I just discovered major performance regression in socfpga-3.18 kernel git branch. When large amount of small packets are communicated through HPS ethernet (stmmac linux driver), the 3.18 is more then 10 times slower when compared to 3.10 kernel. I tested current 3.10-ltsi and also almost a year old 3.10-ltsi-rt.

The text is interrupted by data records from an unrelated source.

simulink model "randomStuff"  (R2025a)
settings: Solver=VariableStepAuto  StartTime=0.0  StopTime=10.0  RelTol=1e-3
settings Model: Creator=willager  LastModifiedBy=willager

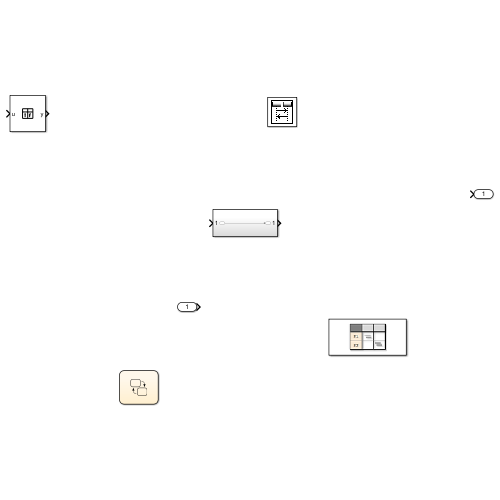
[thumbnail: Simulink's stored preview of the top-level diagram]
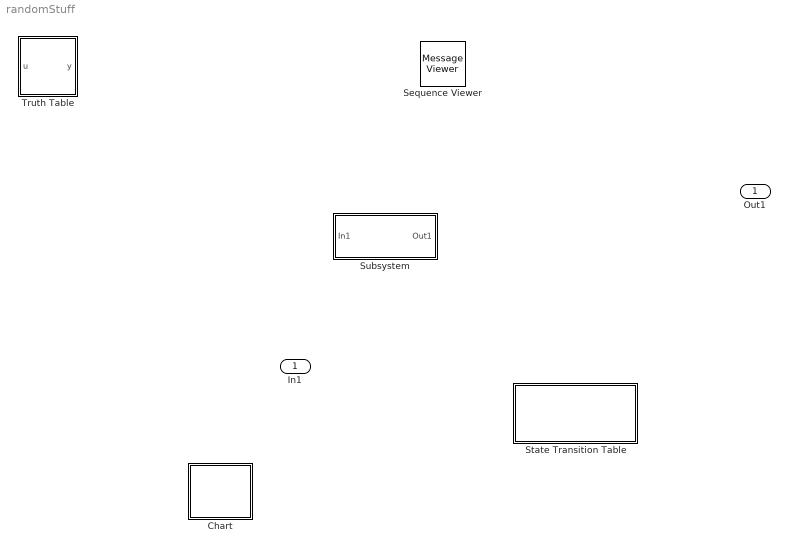
== system randomStuff ==
  In1 : Inport
  Chart : Stateflow chart  TreatAsAtomicUnit=on
  Sequence Viewer : MessageViewer
  State Transition Table : State Transition Table  TreatAsAtomicUnit=on
  Subsystem : Subsystem
  Truth Table : Truth Table  TreatAsAtomicUnit=on
  Out1 : Outport

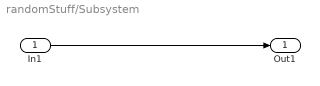
== system randomStuff/Subsystem ==
  In1 : Inport
  Out1 : Outport
  wires:
  In1/1 -> Out1/1

== matlab function randomStuff/Truth Table ==
  data: u input; y output
function y = fcn(u)

aVarTruthTableCondition_1 = false;
aVarTruthTableCondition_2 = false;


% Example condition 1

aVarTruthTableCondition_1 = logical(u >= 0);

% Example condition 2

aVarTruthTableCondition_2 = logical(u ^ 2 <= 1);

if (aVarTruthTableCondition_1 && aVarTruthTableCondition_2)
    aFcnTruthTableAction_1();
elseif (~aVarTruthTableCondition_1 && ~aVarTruthTableCondition_2)
    aFcnTruthTableAction_1();
else % Default
    aFcnTruthTableAction_2();
end

function aFcnTruthTableAction_1()

% Example action 1 called from D1 & D2 column in condition table

y = u;

function aFcnTruthTableAction_2()

% Example action 2 called from D3 column in condition table

y = 1 / u;

== stateflow chart randomStuff/Chart ==

== stateflow chart randomStuff/State Transition Table ==
  state state1
  state state2
  (default) -> state1
  state1 -> state2

With our userspace application, we are able to do 1000 packets (60 to 200 bytes size) in 0.25 seconds on 3.10. But on 3.18, 1000 packets needs more then 6 seconds in the same scenario! This is probably caused by some latency in kernel - the application works on request-response pattern, single TCP connection from one remote client.
Same test using TSE ethernet in FPGA gives the same (and expectable good) performance on both 3.10 and 3.18 kernels. So I guess its an stmmac drivers specific issue, not some general issue in network stack.
I tried to copy a whole drivers/net/ethernet/stmicro directory from current socfpga-3.10-ltsi to socfpga-3.18. It was possible to compile the kernel with a few fixes, but it does not fix the problem - still bad on 3.18. A bit weird…
Anyone have seen such issue? Any idea how to debug this?
The problem can be demonstrated using Hpcbench/tcp tool from http://hpcbench.sourceforge.net/
tcpserver on some
<host> computer (192.168.1.1 for me), and from HPS Linux:
./tcptest -N -m32 -h 192.168.1.1 (1) : 0.033703 Mbps (2) : 0.033334 Mbps (3) : 0.033295 Mbps (4) : 0.033276 Mbps (5) : 0.033319 Mbps (6) : 0.033313 Mbps (7) : 0.033310 Mbps (8) : 0.033299 Mbps (9) : 0.256513 Mbps
0.03 Mbps is very poor result. With 3.10 kernel, you can get about 1.3 Mbps.
I also found workaround for this issue, by setting coalesce parameters with
ethtool -C eth0 tx-frames 0
Then the tcptest gives expected performance:
./tcptest -N -m32 -h 192.168.1.1 (1) : 1.528941 Mbps (2) : 1.523969 Mbps (3) : 1.597586 Mbps (4) : 1.517090 Mbps (5) : 1.540663 Mbps (6) : 1.585813 Mbps (7) : 1.541587 Mbps (8) : 1.963557 Mbps (9) : 1.559859 Mbps (10) : 1.554648 Mbps
and also our application works OK.
But this setting hurts high troughput load, such as TCP
iperf, which can reach only about 50% throughput after the tx-frames setting.
Performance without tx-frames=0 setting is comparable with situation when TCP_NODELAY is not set on socket (tcptest without -N option). It seems like not forcing TCP_NODELAY behaviour at driver/NAPI level in newer kernels.